Quando o mundo começou a prestar mais atenção no calor?

Foi há relativamente pouco tempo. Um marco é a onda de calor de 2003, na Europa (se estima que tenham morrido mais de 60 mil pessoas). Ela mudou a forma como países como a França fazem a gestão de risco. Passou a existir maior integração entre o sistema de saúde, a defesa civil e o serviço de meteorologia, por exemplo. E a integração precisa ser transversal.

Como?

Exemplos são suspender aulas em escolas sem ar-condicionado e manter shoppings centers e outras áreas refrigeradas abertos 24h para que as pessoas possam se abrigar. Penso que a área de saúde deveria estar mais atenta a isso, ter mais treinamento. Estive recentemente em discussões sobre isso no Ministério da Saúde e no Simpósio Internacional de Medicina Tropical, em Salvador. Calor é questão de saúde. E avisar só não adianta.

Por quê?

É preciso também haver prevenção e não apenas o alerta de perigo. Uma pessoa que mora num lugar quente, não tem ar condicionado ou não pode pagar a conta se protege como? Saber só que haverá calor não irá salvá-la. E também é preciso qualificar a informação que a sociedade recebe. Não tem utilidade alguma ouvir alguém na praia dizendo que adora calor enquanto pessoas que precisam andar em ônibus sem arcondicionado, trabalhar ao ar livre, sob o sol quente sofrem e correm risco. Não há glamour em onda de calor.

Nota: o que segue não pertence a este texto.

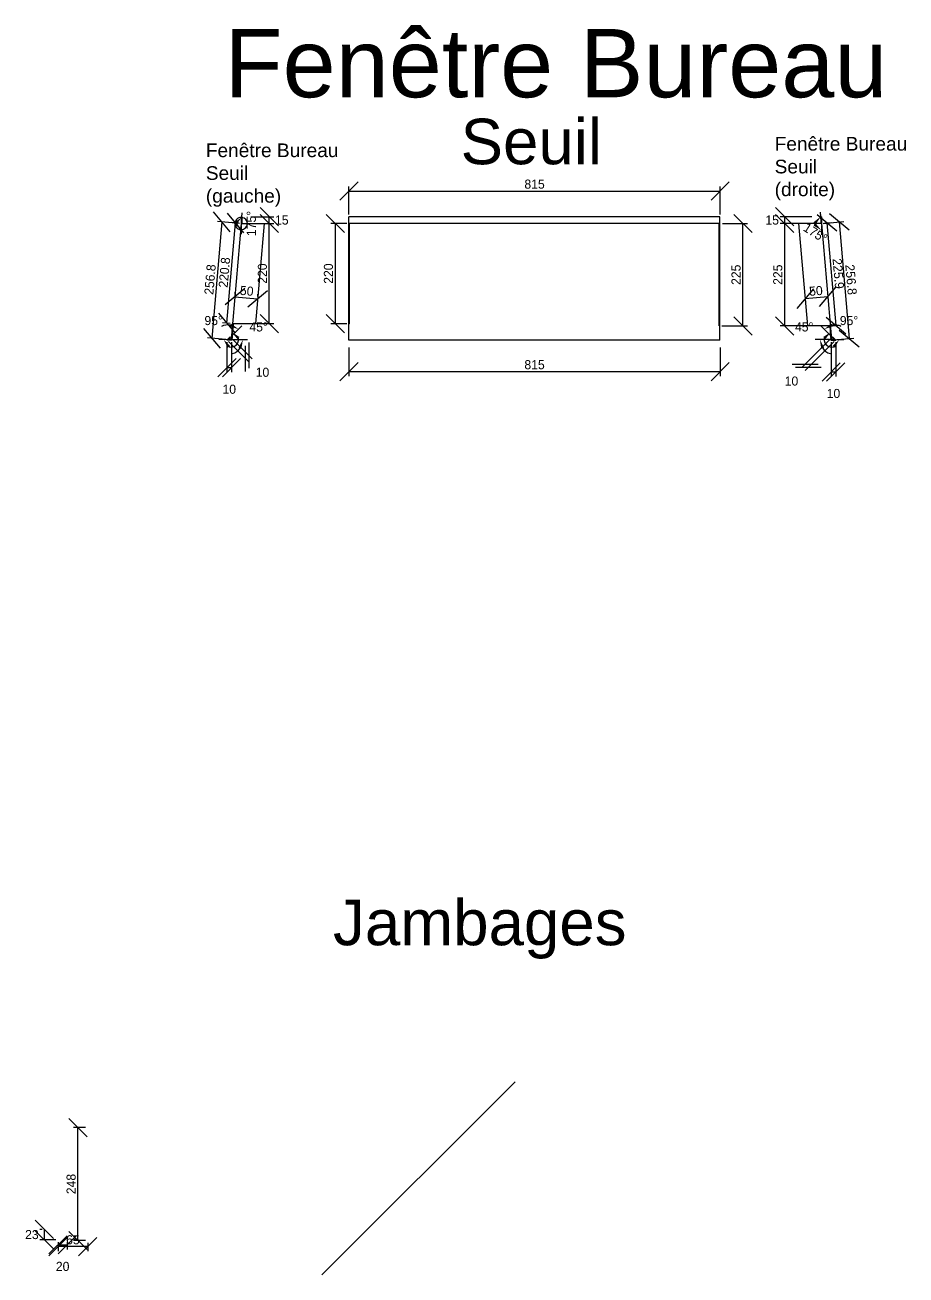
# Model space of a CAD drawing. Header units: millimetres. Extents: x -676 to 20789, y -6551 to 2305.
# Drawn here: x -676 to 1258, y -1724 to 1021 of the extents above; entities that cross this region are included whole.
import ezdxf

# ---------------------------------------------------------------- set-up
doc = ezdxf.new("R2010")
doc.units = ezdxf.units.MM
doc.layers.get('0').update_dxf_attribs({"lineweight": 25, "true_color": 0xffffff})
doc.layers.get('Defpoints').update_dxf_attribs({"true_color": 0xffffff})
doc.layers.add('0 ... Seuil', color=178, linetype='Continuous', lineweight=25, true_color=0x000000)
doc.layers.add('Cotes', color=4, linetype='Continuous', lineweight=25, true_color=0x00ffff)
doc.styles.add('QCADDimTextStyle', font='txt')
doc.styles.add('textstyle11', font='')
doc.styles.add('textstyle12', font='')
doc.styles.add('textstyle22', font='')
doc.styles.add('textstyle23', font='')
doc.styles.add('textstyle24', font='')
doc.styles.get('textstyle11').set_extended_font_data('Liberation Sans')
doc.styles.get('textstyle12').set_extended_font_data('Liberation Sans')
doc.styles.get('textstyle22').set_extended_font_data('Liberation Sans')
doc.styles.get('textstyle23').set_extended_font_data('Liberation Sans')
doc.styles.get('textstyle24').set_extended_font_data('Liberation Sans')
doc.dimstyles.new('QCADDimStyle', dxfattribs={"dimtxt": 20, "dimasz": 20, "dimexe": 10, "dimexo": 5, "dimgap": 5, "dimtad": 1, "dimtoh": 1, "dimdec": 4, "dimzin": 0, "dimdsep": 46, "dimtxsty": 'QCADDimTextStyle', "dimcen": 0.09, "dimadec": 0, "dimazin": 0, "dimtfac": 1, "dimtdec": 4, "dimtofl": 0, "dimtmove": 0, "dimatfit": 3, "dimfxl": 1, "dimtolj": 1, "dimtzin": 0, "dimarcsym": 0})

# ---------------------------------------------------------------- blocks, each defined once
blk = doc.blocks.new('SeuilBaie1_VueDessus')
at = {"layer": '0 ... Seuil'}
for p, q in [((-5, -271), (-5, 0)), ((809, 0), (-5, 0)), ((809, -271), (809, 0)), ((809, -15), (-5, -15)), ((-3.5, -235), (-3.5, -15)), ((807.5, -240), (807.5, -15)), ((-3.5, -235), (-5, -235)), ((809, -240), (807.5, -240)), ((809, -271), (-5, -271))]:
    blk.add_line(p, q, dxfattribs=at)
blk = doc.blocks.new('SeuilBaie1_VueCoupeEst')
at = {"layer": '0 ... Seuil'}
for p, q in [((1, 0), (-0.5, 0)), ((1, -14.9), (-49.2, -14.9)), ((-49.2, -14.9), (-29.5, -239.9)), ((-0.5, 0), (-0.5, -14.9)), ((1, 0), (1, -15)), ((1, -14.9), (23.3, -269.4)), ((20.7, -239.9), (-29.5, -239.9)), ((19.2, -239.9), (21.9, -270.9)), ((21.9, -270.9), (32.4, -270.9)), ((23.3, -269.4), (28.8, -269.4)), ((24.3, -264.9), (25.3, -263.8)), ((24.3, -264.9), (28.8, -269.4)), ((25.3, -263.8), (32.4, -270.9))]:
    blk.add_line(p, q, dxfattribs=at)
blk = doc.blocks.new('*D12')
at = {"layer": 'Cotes', "color": 0, "lineweight": -2}
for p, q in [((1011.7, 580), (971.7, 620)), ((971.7, 605), (1011.7, 565)), ((1051.4, 600), (981.7, 600)), ((1051.4, 585), (981.7, 585)), ((991.7, 585), (991.7, 600))]:
    blk.add_line(p, q, dxfattribs=at)
at = {"layer": 'Defpoints', "color": 0}
for p in [(991.7, 600), (1056.4, 600), (1056.4, 585)]:
    blk.add_point(p, dxfattribs=at)
at = {"layer": 'Cotes', "color": 0, "insert": (964.2, 592.5), "char_height": 20, "attachment_point": 5, "style": 'QCADDimTextStyle'}
blk.add_mtext('\\A1;15', dxfattribs=at)
blk = doc.blocks.new('*D13')
at = {"layer": 'Cotes', "color": 0, "lineweight": -2}
for p, q in [((1133.1, 570.2), (1089.9, 606.6)), ((1076.4, 585.4), (1121.4, 589.3)), ((1111.5, 588.4), (1133.4, 332.5)), ((1098.3, 329.5), (1143.3, 333.4)), ((1111.7, 350.7), (1155, 314.3))]:
    blk.add_line(p, q, dxfattribs=at)
at = {"layer": 'Defpoints', "color": 0}
for p in [(1071.4, 585), (1133.4, 332.5), (1093.3, 329.1)]:
    blk.add_point(p, dxfattribs=at)
at = {"layer": 'Cotes', "color": 0, "insert": (1137.4, 461.7), "char_height": 20, "attachment_point": 5, "rotation": 274.8885, "style": 'QCADDimTextStyle'}
blk.add_mtext('\\A1;256.8', dxfattribs=at)
blk = doc.blocks.new('*D14')
at = {"layer": 'Cotes', "color": 0, "lineweight": -2}
for p, q in [((1093.8, 324.1), (1093.8, 249.1)), ((1103.8, 324.1), (1103.8, 249.1)), ((1113.8, 279.1), (1073.8, 239.1)), ((1083.8, 239.1), (1123.8, 279.1)), ((1093.8, 259.1), (1103.8, 259.1))]:
    blk.add_line(p, q, dxfattribs=at)
at = {"layer": 'Defpoints', "color": 0}
for p in [(1093.8, 329.1), (1103.8, 329.1), (1103.8, 259.1)]:
    blk.add_point(p, dxfattribs=at)
at = {"layer": 'Cotes', "color": 0, "insert": (1098.8, 211.6), "char_height": 20, "attachment_point": 5, "style": 'QCADDimTextStyle'}
blk.add_mtext('\\A1;10', dxfattribs=at)
blk = doc.blocks.new('*D15')
at = {"layer": 'Cotes', "color": 0, "lineweight": -2}
for p, q in [((1054.9, 441.6), (1018.5, 398.2)), ((1068.3, 402.6), (1104.7, 445.9)), ((1086.5, 424.3), (1036.7, 419.9)), ((1037.1, 414.9), (1037.6, 409.9)), ((1086.9, 419.3), (1087.4, 414.3))]:
    blk.add_line(p, q, dxfattribs=at)
at = {"layer": 'Defpoints', "color": 0}
for p in [(1036.7, 419.9), (1036.7, 419.9), (1086.5, 424.3)]:
    blk.add_point(p, dxfattribs=at)
at = {"layer": 'Cotes', "color": 0, "insert": (1060.3, 437), "char_height": 20, "attachment_point": 5, "rotation": 5, "style": 'QCADDimTextStyle'}
blk.add_mtext('\\A1;50', dxfattribs=at)
blk = doc.blocks.new('*D16')
at = {"layer": 'Cotes', "color": 0, "lineweight": -2}
for p, q in [((1093.2, 332.6), (1029.6, 269)), ((1100.3, 325.6), (1036.6, 261.9)), ((1008.3, 276), (1064.9, 276)), ((1072, 269), (1015.4, 269))]:
    blk.add_line(p, q, dxfattribs=at)
at = {"layer": 'Defpoints', "color": 0}
for p in [(1096.8, 336.2), (1103.8, 329.1), (1036.6, 276)]:
    blk.add_point(p, dxfattribs=at)
at = {"layer": 'Cotes', "color": 0, "insert": (1006.6, 238.9), "char_height": 20, "attachment_point": 5, "style": 'QCADDimTextStyle'}
blk.add_mtext('\\A1;10', dxfattribs=at)
blk = doc.blocks.new('*D17')
at = {"layer": 'Cotes', "color": 0, "lineweight": -2}
for p, q in [((1072, 590.1), (1070.2, 610.1)), ((1072.4, 580), (1072.4, 559.9))]:
    blk.add_line(p, q, dxfattribs=at)
blk.add_arc((1072.4, 585), 15.1, 177.7585, 187.2415, dxfattribs=at)
at = {"layer": 'Cotes', "color": 0}
for points in [[(1059.7, 583.3), (1054.9, 587.9), (1071.1, 600.1)], [(1055.2, 580.6), (1059.6, 585.6), (1072.4, 569.9)]]:
    blk.add_solid(points, dxfattribs=at)
at = {"layer": 'Defpoints', "color": 0}
for p in [(1058.9, 591.8), (1072.4, 600), (1072.4, 585.1), (1072.4, 585), (1073.9, 568.7)]:
    blk.add_point(p, dxfattribs=at)
at = {"layer": 'Cotes', "color": 0, "insert": (1059.1, 564.1), "char_height": 20, "attachment_point": 5, "rotation": 327.5362, "style": 'QCADDimTextStyle'}
blk.add_mtext('\\A1;175%%d', dxfattribs=at)
blk = doc.blocks.new('*D18')
at = {"layer": 'Cotes', "color": 0, "lineweight": -2}
for p, q in [((1092.5, 339), (1071.4, 360.1)), ((1089.7, 330.1), (1059, 330.1))]:
    blk.add_line(p, q, dxfattribs=at)
for start, end in [(63.1887, 99.0944), (215.9056, 251.8113)]:
    blk.add_arc((1101.4, 330.1), 32.4, start, end, dxfattribs=at)
at = {"layer": 'Cotes', "color": 0}
for points in [[(1094.8, 365.1), (1097.8, 359.2), (1078.5, 353)], [(1078.3, 312.1), (1072, 310), (1069, 330.1)]]:
    blk.add_solid(points, dxfattribs=at)
at = {"layer": 'Defpoints', "color": 0}
for p in [(1073.3, 346.3), (1094.7, 330.1), (1096, 335.5), (1101.4, 330.1), (1101.4, 330.1)]:
    blk.add_point(p, dxfattribs=at)
at = {"layer": 'Cotes', "color": 0, "insert": (1034.5, 357.8), "char_height": 20, "attachment_point": 5, "style": 'QCADDimTextStyle'}
blk.add_mtext('\\A1;45%%d', dxfattribs=at)
blk = doc.blocks.new('*D19')
at = {"layer": 'Cotes', "color": 0, "lineweight": -2}
blk.add_line((1106.4, 330.1), (1121.4, 330.1), dxfattribs=at)
for start, end in [(168.9674, 242.9349), (212.0651, 286.0326)]:
    blk.add_arc((1094.7, 330.1), 16.6, start, end, dxfattribs=at)
at = {"layer": 'Cotes', "color": 0}
for points in [[(1080.7, 330.8), (1076.2, 335.7), (1093.3, 346.6)], [(1102, 312.1), (1096.7, 316.1), (1111.4, 330.1)]]:
    blk.add_solid(points, dxfattribs=at)
at = {"layer": 'Defpoints', "color": 0}
for p in [(1093, 349.4), (1094.7, 330.1), (1094.7, 330.1), (1101.4, 330.1), (1108.9, 338.8)]:
    blk.add_point(p, dxfattribs=at)
at = {"layer": 'Cotes', "color": 0, "insert": (1133, 371.8), "char_height": 20, "attachment_point": 5, "style": 'QCADDimTextStyle'}
blk.add_mtext('\\A1;95%%d', dxfattribs=at)
blk = doc.blocks.new('*D20')
at = {"layer": 'Cotes', "color": 0, "lineweight": -2}
for p, q in [((35, 313), (35, 249.8)), ((850, 313), (850, 249.8)), ((55, 279.8), (15, 239.8)), ((830, 239.8), (870, 279.8)), ((35, 259.8), (850, 259.8))]:
    blk.add_line(p, q, dxfattribs=at)
at = {"layer": 'Defpoints', "color": 0}
for p in [(35, 318), (850, 318), (850, 259.8)]:
    blk.add_point(p, dxfattribs=at)
at = {"layer": 'Cotes', "color": 0, "insert": (442.5, 274.8), "char_height": 20, "attachment_point": 5, "style": 'QCADDimTextStyle'}
blk.add_mtext('\\A1;815', dxfattribs=at)
blk = doc.blocks.new('*D21')
at = {"layer": 'Cotes', "color": 0, "lineweight": -2}
for p, q in [((55, 676.4), (15, 636.4)), ((35, 605), (35, 666.4)), ((830, 636.4), (870, 676.4)), ((850, 605), (850, 666.4)), ((35, 656.4), (850, 656.4))]:
    blk.add_line(p, q, dxfattribs=at)
at = {"layer": 'Defpoints', "color": 0}
for p in [(850, 656.4), (35, 600), (850, 600)]:
    blk.add_point(p, dxfattribs=at)
at = {"layer": 'Cotes', "color": 0, "insert": (442.5, 671.4), "char_height": 20, "attachment_point": 5, "style": 'QCADDimTextStyle'}
blk.add_mtext('\\A1;815', dxfattribs=at)
blk = doc.blocks.new('*D29')
at = {"layer": 'Cotes', "color": 0, "lineweight": -2}
for p, q in [((-583.7, -1642), (-623.7, -1682)), ((-558.7, -1682), (-518.7, -1642)), ((-603.7, -1655), (-603.7, -1672)), ((-538.7, -1662), (-603.7, -1662)), ((-538.7, -1653.5), (-538.7, -1672))]:
    blk.add_line(p, q, dxfattribs=at)
at = {"layer": 'Defpoints', "color": 0}
for p in [(-603.7, -1650), (-603.7, -1662), (-538.7, -1648.5)]:
    blk.add_point(p, dxfattribs=at)
at = {"layer": 'Cotes', "color": 0, "insert": (-571.2, -1647), "char_height": 20, "attachment_point": 5, "style": 'QCADDimTextStyle'}
blk.add_mtext('\\A1;65', dxfattribs=at)
blk = doc.blocks.new('*D30')
at = {"layer": 'Cotes', "color": 0, "lineweight": -2}
for p, q in [((-583.7, -1638), (-623.7, -1678)), ((-603.7, -1678), (-563.7, -1638)), ((-603.7, -1652), (-603.7, -1668)), ((-603.7, -1658), (-583.7, -1658)), ((-583.7, -1652), (-583.7, -1668))]:
    blk.add_line(p, q, dxfattribs=at)
at = {"layer": 'Defpoints', "color": 0}
for p in [(-603.7, -1647), (-583.7, -1647), (-583.7, -1658)]:
    blk.add_point(p, dxfattribs=at)
at = {"layer": 'Cotes', "color": 0, "insert": (-593.7, -1705.5), "char_height": 20, "attachment_point": 5, "style": 'QCADDimTextStyle'}
blk.add_mtext('\\A1;20', dxfattribs=at)
blk = doc.blocks.new('*D33')
at = {"layer": 'Cotes', "color": 0, "lineweight": -2}
for p, q in [((-613.7, -1644), (-653.7, -1604)), ((-653.7, -1627), (-613.7, -1667)), ((-638.7, -1624), (-643.7, -1624)), ((-608.7, -1647), (-643.7, -1647)), ((-633.7, -1647), (-633.7, -1624))]:
    blk.add_line(p, q, dxfattribs=at)
at = {"layer": 'Defpoints', "color": 0}
for p in [(-633.7, -1624), (-633.7, -1624), (-603.7, -1647)]:
    blk.add_point(p, dxfattribs=at)
at = {"layer": 'Cotes', "color": 0, "insert": (-661.2, -1635.5), "char_height": 20, "attachment_point": 5, "style": 'QCADDimTextStyle'}
blk.add_mtext('\\A1;23', dxfattribs=at)
blk = doc.blocks.new('*D35')
at = {"layer": 'Cotes', "color": 0, "lineweight": -2}
for p, q in [((-540, -1420.5), (-580, -1380.5)), ((-543.7, -1400.5), (-570, -1400.5)), ((-560, -1648.5), (-560, -1400.5)), ((-580, -1628.5), (-540, -1668.5)), ((-543.7, -1648.5), (-570, -1648.5))]:
    blk.add_line(p, q, dxfattribs=at)
at = {"layer": 'Defpoints', "color": 0}
for p in [(-560, -1400.5), (-538.7, -1400.5), (-538.7, -1648.5)]:
    blk.add_point(p, dxfattribs=at)
at = {"layer": 'Cotes', "color": 0, "insert": (-575, -1524.5), "char_height": 20, "attachment_point": 5, "rotation": 90, "style": 'QCADDimTextStyle'}
blk.add_mtext('\\A1;248', dxfattribs=at)
blk = doc.blocks.new('*D43')
at = {"layer": 'Cotes', "color": 0, "lineweight": -2}
for p, q in [((920, 565), (880, 605)), ((855, 585), (910, 585)), ((900, 360), (900, 585)), ((854, 360), (910, 360)), ((880, 380), (920, 340))]:
    blk.add_line(p, q, dxfattribs=at)
at = {"layer": 'Defpoints', "color": 0}
for p in [(850, 585), (900, 585), (849, 360)]:
    blk.add_point(p, dxfattribs=at)
at = {"layer": 'Cotes', "color": 0, "insert": (885, 472.5), "char_height": 20, "attachment_point": 5, "rotation": 90, "style": 'QCADDimTextStyle'}
blk.add_mtext('\\A1;225', dxfattribs=at)
blk = doc.blocks.new('*D44')
at = {"layer": 'Cotes', "color": 0, "lineweight": -2}
for p, q in [((25, 565), (-15, 605)), ((30, 585), (-5, 585)), ((5, 585), (5, 365)), ((-15, 385), (25, 345)), ((30, 365), (-5, 365))]:
    blk.add_line(p, q, dxfattribs=at)
at = {"layer": 'Defpoints', "color": 0}
for p in [(35, 585), (5, 365), (35, 365)]:
    blk.add_point(p, dxfattribs=at)
at = {"layer": 'Cotes', "color": 0, "insert": (-10, 475), "char_height": 20, "attachment_point": 5, "rotation": 90, "style": 'QCADDimTextStyle'}
blk.add_mtext('\\A1;220', dxfattribs=at)
blk = doc.blocks.new('SeuilBaie1_VueCoupeOuest')
at = {"layer": '0 ... Seuil'}
for p, q in [((-1.5, 0), (-1.5, -15)), ((-1.5, 0), (0, 0)), ((0, 0), (0, -14.9)), ((-1.5, -14.9), (-23.8, -269.4)), ((-1.5, -14.9), (48.7, -14.9)), ((48.7, -14.9), (29.4, -234.9)), ((-19.2, -234.9), (-22.4, -270.9)), ((-20.7, -234.9), (29.4, -234.9)), ((-25.8, -263.8), (-32.9, -270.9)), ((-22.4, -270.9), (-32.9, -270.9)), ((-24.8, -264.9), (-29.3, -269.4)), ((-23.8, -269.4), (-29.3, -269.4)), ((-24.8, -264.9), (-25.8, -263.8))]:
    blk.add_line(p, q, dxfattribs=at)
blk = doc.blocks.new('*D45')
at = {"layer": 'Cotes', "color": 0, "lineweight": -2}
for p, q in [((1011.7, 565.1), (971.7, 605.1)), ((1067.4, 585.1), (981.7, 585.1)), ((991.7, 360.1), (991.7, 585.1)), ((971.7, 380.1), (1011.7, 340.1)), ((1087.1, 360.1), (981.7, 360.1))]:
    blk.add_line(p, q, dxfattribs=at)
at = {"layer": 'Defpoints', "color": 0}
for p in [(991.7, 585.1), (1072.4, 585.1), (1092.1, 360.1)]:
    blk.add_point(p, dxfattribs=at)
at = {"layer": 'Cotes', "color": 0, "insert": (976.7, 472.6), "char_height": 20, "attachment_point": 5, "rotation": 90, "style": 'QCADDimTextStyle'}
blk.add_mtext('\\A1;225', dxfattribs=at)
blk = doc.blocks.new('*D46')
at = {"layer": 'Cotes', "color": 0, "lineweight": -2}
for p, q in [((1106.4, 568), (1063.1, 604.3)), ((1077.4, 585.5), (1094.7, 587)), ((1104.4, 361.2), (1084.7, 586.2)), ((1082.7, 379.3), (1126.1, 343)), ((1097.1, 360.5), (1114.4, 362))]:
    blk.add_line(p, q, dxfattribs=at)
at = {"layer": 'Defpoints', "color": 0}
for p in [(1072.4, 585.1), (1084.7, 586.2), (1092.1, 360.1)]:
    blk.add_point(p, dxfattribs=at)
at = {"layer": 'Cotes', "color": 0, "insert": (1109.5, 475), "char_height": 20, "attachment_point": 5, "rotation": 275, "style": 'QCADDimTextStyle'}
blk.add_mtext('\\A1;225.9', dxfattribs=at)
blk = doc.blocks.new('*D47')
at = {"layer": 'Cotes', "color": 0, "lineweight": -2}
for p, q in [((-120, 580), (-160, 620)), ((-160, 605), (-120, 565)), ((-180.4, 600), (-130, 600)), ((-180.4, 585), (-130, 585)), ((-140, 585), (-140, 600))]:
    blk.add_line(p, q, dxfattribs=at)
at = {"layer": 'Defpoints', "color": 0}
for p in [(-185.4, 600), (-185.4, 585), (-140, 600)]:
    blk.add_point(p, dxfattribs=at)
at = {"layer": 'Cotes', "color": 0, "insert": (-112.5, 592.5), "char_height": 20, "attachment_point": 5, "style": 'QCADDimTextStyle'}
blk.add_mtext('\\A1;15', dxfattribs=at)
blk = doc.blocks.new('*D48')
at = {"layer": 'Cotes', "color": 0, "lineweight": -2}
for p, q in [((-225.8, 567.1), (-262.3, 610.4)), ((-244, 588.7), (-265.9, 332.8)), ((-205.5, 585.4), (-254, 589.6)), ((-284.2, 354.4), (-247.7, 311.2)), ((-227.4, 329.5), (-275.9, 333.7))]:
    blk.add_line(p, q, dxfattribs=at)
at = {"layer": 'Defpoints', "color": 0}
for p in [(-200.5, 585), (-265.9, 332.8), (-222.4, 329.1)]:
    blk.add_point(p, dxfattribs=at)
at = {"layer": 'Cotes', "color": 0, "insert": (-269.9, 462), "char_height": 20, "attachment_point": 5, "rotation": 85.1115, "style": 'QCADDimTextStyle'}
blk.add_mtext('\\A1;256.8', dxfattribs=at)
blk = doc.blocks.new('*D49')
at = {"layer": 'Cotes', "color": 0, "lineweight": -2}
for p, q in [((-232.9, 324.1), (-232.9, 258.4)), ((-222.9, 324.1), (-222.9, 258.4)), ((-212.9, 288.4), (-252.9, 248.4)), ((-242.9, 248.4), (-202.9, 288.4)), ((-222.9, 268.4), (-232.9, 268.4))]:
    blk.add_line(p, q, dxfattribs=at)
at = {"layer": 'Defpoints', "color": 0}
for p in [(-232.9, 329.1), (-222.9, 329.1), (-232.9, 268.4)]:
    blk.add_point(p, dxfattribs=at)
at = {"layer": 'Cotes', "color": 0, "insert": (-227.9, 220.9), "char_height": 20, "attachment_point": 5, "style": 'QCADDimTextStyle'}
blk.add_mtext('\\A1;10', dxfattribs=at)
blk = doc.blocks.new('*D50')
at = {"layer": 'Cotes', "color": 0, "lineweight": -2}
for p, q in [((-193.9, 442.4), (-237.2, 406.1)), ((-215.6, 424.3), (-165.8, 419.9)), ((-215.1, 429.2), (-214.7, 434.2)), ((-187.4, 401.7), (-144.1, 438.1)), ((-165.3, 424.9), (-164.9, 429.9))]:
    blk.add_line(p, q, dxfattribs=at)
at = {"layer": 'Defpoints', "color": 0}
for p in [(-215.6, 424.3), (-165.8, 419.9), (-165.8, 419.9)]:
    blk.add_point(p, dxfattribs=at)
at = {"layer": 'Cotes', "color": 0, "insert": (-189.4, 437), "char_height": 20, "attachment_point": 5, "rotation": 355, "style": 'QCADDimTextStyle'}
blk.add_mtext('\\A1;50', dxfattribs=at)
blk = doc.blocks.new('*D51')
at = {"layer": 'Cotes', "color": 0, "lineweight": -2}
for p, q in [((-222.3, 332.6), (-177.9, 288.2)), ((-229.4, 325.6), (-185, 281.2)), ((-192.1, 260), (-192.1, 316.5)), ((-185, 323.6), (-185, 267))]:
    blk.add_line(p, q, dxfattribs=at)
at = {"layer": 'Defpoints', "color": 0}
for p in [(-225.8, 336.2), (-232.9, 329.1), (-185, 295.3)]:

Como o calor pode afetar a saúde?

De muitas formas e isso ainda precisa ser mais investigado no Brasil. Mas estudos do nosso grupo já mostraram que durante ondas de calor há um risco 20% maior de partos prematuros. Ele potencializa crises de doenças mentais e episódios de violência. Algumas drogas antiansiolíticas, por exemplo, têm seus efeitos alterados. E há grupos muito vulneráveis.

Quais são eles?

São muitos. Sobretudo pessoas com comorbidades (cardíacos, pacientes renais, diabéticos, por exemplo), idosos, crianças, obesos, sedentários. Ser pobre e ter baixa escolaridade também é fator de risco porque impede o acesso a meios de proteção. E há impactos indiretos.

Quais?

Um deles é na produção de alimentos. Há perdas, pois muitas culturas não toleram tantos dias sob temperaturas extremas e sem chuva. Há também impactos no setor de energia. Com o excesso de demanda, a transmissão e a distribuição sofrem, mesmo que haja energia suficiente. O risco de apagão aumenta. E mesmo que você tenha ar condicionado e possa pagar uma conta cara, terá problemas. Há também o aumento da poluição.

Como as ondas de calor agravam a poluição?

Uma das formas é com as queimadas. A vegetação seca sob alta temperatura fica mais vulnerável, os incêndios se espalham e as pessoas que vivem perto de áreas afetadas são atingidas pelo ar de péssima qualidade. Mas mesmo quem mora em cidades é afetado, nesse caso por ondas de ozônio.

O que são ondas de ozônio?

Elas podem ocorrer em ondas de calor urbanas. Como não há nuvens, a radiação solar fica mais intensa e isso leva a reações químicas nos poluentes presentes nas cidades, emitidos por indústrias, pelos veículos. Em linhas gerais, essas reações liberam ozônio. E o ozônio nas camadas mais baixas da atmosfera é um poluente perigoso, que deteriora a qualidade do ar e afeta principalmente pessoas com doenças respiratórias. São muitos os efeitos nocivos de uma onda de calor. É, por isso, que precisamos mudar a forma como lidamos com elas.